- _Task material_:
:::

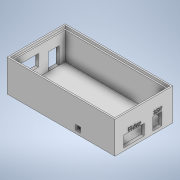
# Autodesk Inventor part: Caixa plaquinha valvula
Saved by Autodesk Inventor 2020 (Build 240168000, 168)
## iProperties
Created: 2022-10-16
Part Number: Caixa plaquinha valvula
Material: Genérico
Document SubType Name: Modeling
Designer: Gabriel
Density: 1 g/cm^3
Appearance: Padrão
Author: Gabriel
Autodesk Inventor part; units mm, degrees
ref_plane "YZ Plane" through (0, 0, 0) normal (1, 0, 0) x (0, 1, 0)
ref_plane "XZ Plane" through (0, 0, 0) normal (0, 1, 0) x (-1, 0, 0)
ref_plane "XY Plane" through (0, 0, 0) normal (0, 0, 1) x (1, 0, 0)
sketch "Esboço1" plane through (0, 0, 0) normal (0, 1, 0) x (-1, 0, 0)
  line L0 (62.5795, 27.2159) -> (-45.4205, 27.2159)
  line L1 (-45.4205, 27.2159) -> (-45.4205, -30.7841)
  line L2 (-45.4205, -30.7841) -> (62.5795, -30.7841)
  line L3 (62.5795, -30.7841) -> (62.5795, 27.2159)
  point P0 (0, 0)
  dimension "d0" = 58
  dimension "d1" = 108
  constraints: 8 end point, 2 parallel, 1 horizontal, 1 perpendicular
  measures "d0" distance between parallel lines of L2 L0
  measures "d1" distance of L1.end L2.end
extrude "Extrusão1" add sketch "Esboço1" along normal blind 32
sketch "Esboço2" plane through (0, 32, 0) normal (0, 1, 0) x (1, 0, 0)
  line L0 (-59.5795, 27.7841) -> (42.4205, 27.7841)
  line L1 (42.4205, 27.7841) -> (42.4205, -24.2159)
  line L2 (42.4205, -24.2159) -> (-59.5795, -24.2159)
  line L3 (-59.5795, -24.2159) -> (-59.5795, 27.7841)
  line L4 (-62.5795, 30.7841) -> (-62.5795, -27.2159) projected
  line L5 (45.4205, 30.7841) -> (-62.5795, 30.7841) projected
  point P0 (0, 0)
  dimension "d4" = 3
  dimension "d5" = 102
  dimension "d6" = 3
  dimension "d7" = 52
  constraints: 8 end point, 2 parallel, 1 horizontal, 1 perpendicular
  measures "d4" distance between parallel lines of L4 L3
  measures "d5" distance between parallel lines of L1 L3
  measures "d6" distance between parallel lines of L5 L0
  measures "d7" distance between parallel lines of L0 L2
extrude "Extrusão2" cut sketch "Esboço2" against normal blind 30
sketch "Esboço4" plane through (0, 32, 0) normal (0, 1, 0) x (1, 0, 0)
  line L0 (-61.0795, 29.2841) -> (43.9205, 29.2841)
  line L1 (43.9205, 29.2841) -> (43.9205, -25.7159)
  line L2 (43.9205, -25.7159) -> (-61.0795, -25.7159)
  line L3 (-61.0795, -25.7159) -> (-61.0795, 29.2841)
  line L4 (45.4205, 30.7841) -> (-62.5795, 30.7841) projected
  line L5 (-62.5795, 30.7841) -> (-62.5795, -27.2159) projected
  line L6 (-62.5795, -27.2159) -> (45.4205, -27.2159) projected
  line L7 (45.4205, -27.2159) -> (45.4205, 30.7841) projected
  point P0 (0, 0)
  dimension "d10" = 1.5
  dimension "d11" = 1.5
  dimension "d12" = 1.5
  dimension "d13" = 1.5
  constraints: 8 end point, 2 parallel, 1 horizontal, 1 perpendicular
  measures "d10" distance between parallel lines of L4 L0
  measures "d11" distance between parallel lines of L5 L3
  measures "d12" distance between parallel lines of L6 L2
  measures "d13" distance between parallel lines of L7 L1
extrude "Extrusão3" cut sketch "Esboço4" against normal blind 2.5 contours L0 L1 L2 L3
sketch "Esboço5" plane through (42.4205, 2, -27.7841) normal (-1, 0, 0) x (0, 0, 1)
  line L0 (0, 0) -> (52, 0) projected
  line L1 (8.1, 0) -> (17.1, 0)
  line L2 (17.1, 0) -> (17.1, 13.5)
  line L3 (17.1, 13.5) -> (8.1, 13.5)
  line L4 (8.1, 13.5) -> (8.1, 0)
  line L5 (46.3, 0) -> (25.6, 0)
  line L6 (25.6, 0) -> (25.6, 12)
  line L7 (25.6, 12) -> (46.3, 12)
  line L8 (46.3, 12) -> (46.3, 0)
  line L9 (52, 27.5) -> (0, 27.5) projected
  point P0 (27.7841, -2)
  point P1 (25.6, 0)
  point P2 (17.1, 0)
  dimension "d17" = 9
  dimension "d18" = 13.5
  dimension "d20" = 20.7
  dimension "d21" = 12
  dimension "d23" = 8.5
  dimension "d24" = 8.1
  dimension "d25" = 5.7
  dimension "d28" = 15.5
  constraints: 16 end point, 4 parallel, 2 horizontal, 2 perpendicular, 2 point on line
  measures "d17" distance between parallel lines of L2 L4
  measures "d18" distance between parallel lines of L0 L3
  measures "d20" distance between parallel lines of L6 L8
  measures "d21" distance between parallel lines of L0 L7
  measures "d23" distance between parallel lines of L6 L2
  measures "d24" distance from line of L9.end L4
  measures "d25" distance from line of L9.start L8
  measures "d28" distance between parallel lines of L9 L7
extrude "Extrusão4" cut sketch "Esboço5" against normal blind 5
sketch "Esboço6" plane through (0, 2, 0) normal (0, 1, 0) x (1, 0, 0)
  line L0 (45.4205, 2.1841) -> (45.4205, -18.5159) projected
  line L1 (42.4205, 10.6841) -> (42.4205, 2.1841) projected
  line L2 (45.4205, -18.5159) -> (42.4205, -18.5159)
  line L3 (42.4205, -18.5159) -> (42.4205, 2.1841)
  line L4 (42.4205, 2.1841) -> (45.4205, 2.1841)
  line L5 (45.4205, 2.1841) -> (45.4205, -18.5159)
  line L6 (45.4205, 19.6841) -> (45.4205, 10.6841) projected
  line L7 (45.4205, 19.6841) -> (42.4205, 19.6841)
  line L8 (42.4205, 19.6841) -> (42.4205, 10.6841)
  line L9 (42.4205, 10.6841) -> (45.4205, 10.6841)
  line L10 (45.4205, 10.6841) -> (45.4205, 19.6841)
  point P0 (0, 0)
  constraints: 16 end point, 4 parallel, 2 horizontal, 2 perpendicular, 1 point on line
extrude "Extrusão5" add sketch "Esboço6" along normal blind 1
sketch "Esboço7" plane through (-59.5795, 2, 24.2159) normal (1, 0, 0) x (0, 0, -1)
  line L0 (46, 0.1025) -> (35, 0.1025)
  line L1 (35, 0.1025) -> (35, 17.0506)
  line L2 (35, 17.0506) -> (46, 17.0506)
  line L3 (46, 17.0506) -> (46, 0.1025)
  line L4 (3.908, 8.6) -> (25.408, 8.6)
  line L5 (25.408, 8.6) -> (25.408, 20.6)
  line L6 (25.408, 20.6) -> (3.908, 20.6)
  line L7 (3.908, 20.6) -> (3.908, 8.6)
  line L8 (0, 0) -> (52, 0) projected
  point P0 (24.2159, -2)
  point P1 (52, 27.5)
  point P2 (0, 27.5)
  dimension "d31" = 6
  dimension "d32" = 11
  dimension "d33" = 3.908
  dimension "d34" = 21.5
  dimension "d35" = 12
  dimension "d36" = 8.6
  dimension "d39" = 16.948
  constraints: 16 end point, 4 parallel, 2 horizontal, 2 perpendicular
  measures "d31" distance from line of L3 point (52, 27.5)
  measures "d32" distance between parallel lines of L3 L1
  measures "d33" distance from line of point (0, 27.5) L7
  measures "d34" distance between parallel lines of L5 L7
  measures "d35" distance between parallel lines of L6 L4
  measures "d36" distance between parallel lines of L8 L4
  measures "d39" distance between parallel lines of L0 L2
extrude "Extrusão6" cut sketch "Esboço7" against normal blind 5
sketch "Esboço8" plane through (42.4205, 2, 24.2159) normal (0, 0, -1) x (-1, 0, 0)
  line L0 (0, 0) -> (102, 0) projected
  line L1 (36.5, 0) -> (31.5, 0)
  line L2 (31.5, 0) -> (31.5, 6)
  line L3 (31.5, 6) -> (36.5, 6)
  line L4 (36.5, 6) -> (36.5, 0)
  line L5 (0, 27.5) -> (0, 0) projected
  point P0 (42.4205, -2)
  dimension "d41" = 5
  dimension "d43" = 31.5
  dimension "d44" = 6
  dimension "d45" = 6
  constraints: 8 end point, 2 parallel, 1 horizontal, 1 perpendicular, 1 point on line
  measures "d41" distance between parallel lines of L4 L2
  measures "d43" distance between parallel lines of L5 L2
  measures "d44" distance between parallel lines of L3 L1
  measures "d45" distance between parallel lines of L0 L3
extrude "Extrusão7" cut sketch "Esboço8" against normal blind 5
sketch "Esboço9" plane through (0, 2, 0) normal (0, 1, 0) x (1, 0, 0)
  line L0 (5.9205, -24.2159) -> (-59.5795, -24.2159) projected
  line L1 (5.9205, -24.2159) -> (10.9205, -24.2159)
  line L2 (10.9205, -24.2159) -> (10.9205, -27.2159)
  line L3 (10.9205, -27.2159) -> (5.9205, -27.2159)
  line L4 (5.9205, -27.2159) -> (5.9205, -24.2159)
  line L5 (10.9205, -27.2159) -> (5.9205, -27.2159) projected
  point P0 (0, 0)
  dimension "d50" = 0
  constraints: 8 end point, 2 parallel, 1 horizontal, 1 perpendicular
  measures "d50" distance between parallel lines of L5 L3
extrude "Extrusão8" add sketch "Esboço9" along normal blind 1
sketch "Esboço10" plane through (45.4205, 0, 27.2159) normal (1, 0, 0) x (0, 0, -1)
  line L0 (36.0799, 21.9524) -> (48.8276, 21.9524) construction
  line L1 (48.8276, 21.9524) -> (48.8276, 15.4026) construction
  line L2 (48.8276, 15.4026) -> (36.0799, 15.4026) construction
  line L3 (36.0799, 15.4026) -> (36.0799, 21.9524) construction
  line L4 (13.7499, 18.2381) -> (24.4451, 18.2381) construction
  line L5 (24.4451, 18.2381) -> (24.4451, 15.1259) construction
  line L6 (24.4451, 15.1259) -> (13.7499, 15.1259) construction
  line L7 (13.7499, 15.1259) -> (13.7499, 18.2381) construction
  line L8 (16.286, 15.1881) -> (15.5247, 15.1881)
  line L9 (15.5247, 15.1881) -> (15.5247, 17.2099)
  line L10 (15.5247, 17.2099) -> (14.9711, 15.9049)
  line L11 (14.9711, 15.9049) -> (14.4471, 15.9049)
  line L12 (14.4471, 15.9049) -> (13.8935, 17.2099)
  line L13 (13.8935, 17.2099) -> (13.8935, 15.1881)
  line L14 (13.8935, 15.1881) -> (13.1717, 15.1881)
  line L15 (13.1717, 15.1881) -> (13.1717, 18.2381)
  line L16 (13.1717, 18.2381) -> (14.0541, 18.2381)
  line L17 (14.0541, 18.2381) -> (14.7313, 16.7329)
  line L18 (14.7313, 16.7329) -> (15.4036, 18.2381)
  line L19 (15.4036, 18.2381) -> (16.286, 18.2381)
  line L20 (16.286, 18.2381) -> (16.286, 15.1881)
  spline S0 degree 2 poles (19.0839, 16.3374) (19.0839, 15.769) (18.4635, 15.1165) (17.8975, 15.1165) knots 0 0 0 1 2 2 2
  spline S1 degree 2 poles (17.8975, 15.1165) (17.334, 15.1165) (16.7087, 15.769) (16.7087, 16.3374) knots 0 0 0 1 2 2 2
  spline S2 degree 2 poles (16.7087, 16.3374) (16.7087, 16.9109) (17.334, 17.5609) (17.8975, 17.5609) knots 0 0 0 1 2 2 2
  spline S3 degree 2 poles (17.8975, 17.5609) (18.461, 17.5609) (19.0839, 16.9084) (19.0839, 16.3374) knots 0 0 0 1 2 2 2
  spline S4 degree 2 poles (18.3498, 16.3325) (18.3498, 16.5376) (18.2831, 16.812) (18.2238, 16.8936) knots 0 0 0 1 2 2 2
  spline S5 degree 2 poles (18.2238, 16.8936) (18.1595, 16.9801) (17.9989, 17.0468) (17.8975, 17.0468) knots 0 0 0 1 2 2 2
  spline S6 degree 2 poles (17.8975, 17.0468) (17.7986, 17.0468) (17.6429, 16.9875) (17.5787, 16.9034) knots 0 0 0 1 2 2 2
  spline S7 degree 2 poles (17.5787, 16.9034) (17.5169, 16.8244) (17.4427, 16.5451) (17.4427, 16.3325) knots 0 0 0 1 2 2 2
  spline S8 degree 2 poles (17.4427, 16.3325) (17.4427, 16.1224) (17.5119, 15.8629) (17.5688, 15.7838) knots 0 0 0 1 2 2 2
  spline S9 degree 2 poles (17.5688, 15.7838) (17.6256, 15.7047) (17.7986, 15.6306) (17.9025, 15.6306) knots 0 0 0 1 2 2 2
  spline S10 degree 2 poles (17.9025, 15.6306) (17.989, 15.6306) (18.1669, 15.7047) (18.2213, 15.7789) knots 0 0 0 1 2 2 2
  spline S11 degree 2 poles (18.2213, 15.7789) (18.2831, 15.8654) (18.3498, 16.115) (18.3498, 16.3325) knots 0 0 0 1 2 2 2
  spline S12 degree 2 poles (20.3444, 15.1436) (19.907, 15.1436) (19.5065, 15.5045) (19.5065, 15.9148) knots 0 0 0 1 2 2 2
  line L21 (19.5065, 15.9148) -> (19.5065, 16.99)
  line L22 (19.5065, 16.99) -> (19.2322, 16.99)
  line L23 (19.2322, 16.99) -> (19.2322, 17.4892)
  line L24 (19.2322, 17.4892) -> (19.5065, 17.4892)
  line L25 (19.5065, 17.4892) -> (19.5065, 18.1467)
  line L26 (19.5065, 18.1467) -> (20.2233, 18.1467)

:::

- _Your task_:
Where the line holding "spline S2 degree" appears in the listing above, start reproducing exactly, and end with the line holding "spline S10 degree".

- _Response to this task_:
  spline S2 degree 2 poles (16.7087, 16.3374) (16.7087, 16.9109) (17.334, 17.5609) (17.8975, 17.5609) knots 0 0 0 1 2 2 2
  spline S3 degree 2 poles (17.8975, 17.5609) (18.461, 17.5609) (19.0839, 16.9084) (19.0839, 16.3374) knots 0 0 0 1 2 2 2
  spline S4 degree 2 poles (18.3498, 16.3325) (18.3498, 16.5376) (18.2831, 16.812) (18.2238, 16.8936) knots 0 0 0 1 2 2 2
  spline S5 degree 2 poles (18.2238, 16.8936) (18.1595, 16.9801) (17.9989, 17.0468) (17.8975, 17.0468) knots 0 0 0 1 2 2 2
  spline S6 degree 2 poles (17.8975, 17.0468) (17.7986, 17.0468) (17.6429, 16.9875) (17.5787, 16.9034) knots 0 0 0 1 2 2 2
  spline S7 degree 2 poles (17.5787, 16.9034) (17.5169, 16.8244) (17.4427, 16.5451) (17.4427, 16.3325) knots 0 0 0 1 2 2 2
  spline S8 degree 2 poles (17.4427, 16.3325) (17.4427, 16.1224) (17.5119, 15.8629) (17.5688, 15.7838) knots 0 0 0 1 2 2 2
  spline S9 degree 2 poles (17.5688, 15.7838) (17.6256, 15.7047) (17.7986, 15.6306) (17.9025, 15.6306) knots 0 0 0 1 2 2 2
  spline S10 degree 2 poles (17.9025, 15.6306) (17.989, 15.6306) (18.1669, 15.7047) (18.2213, 15.7789) knots 0 0 0 1 2 2 2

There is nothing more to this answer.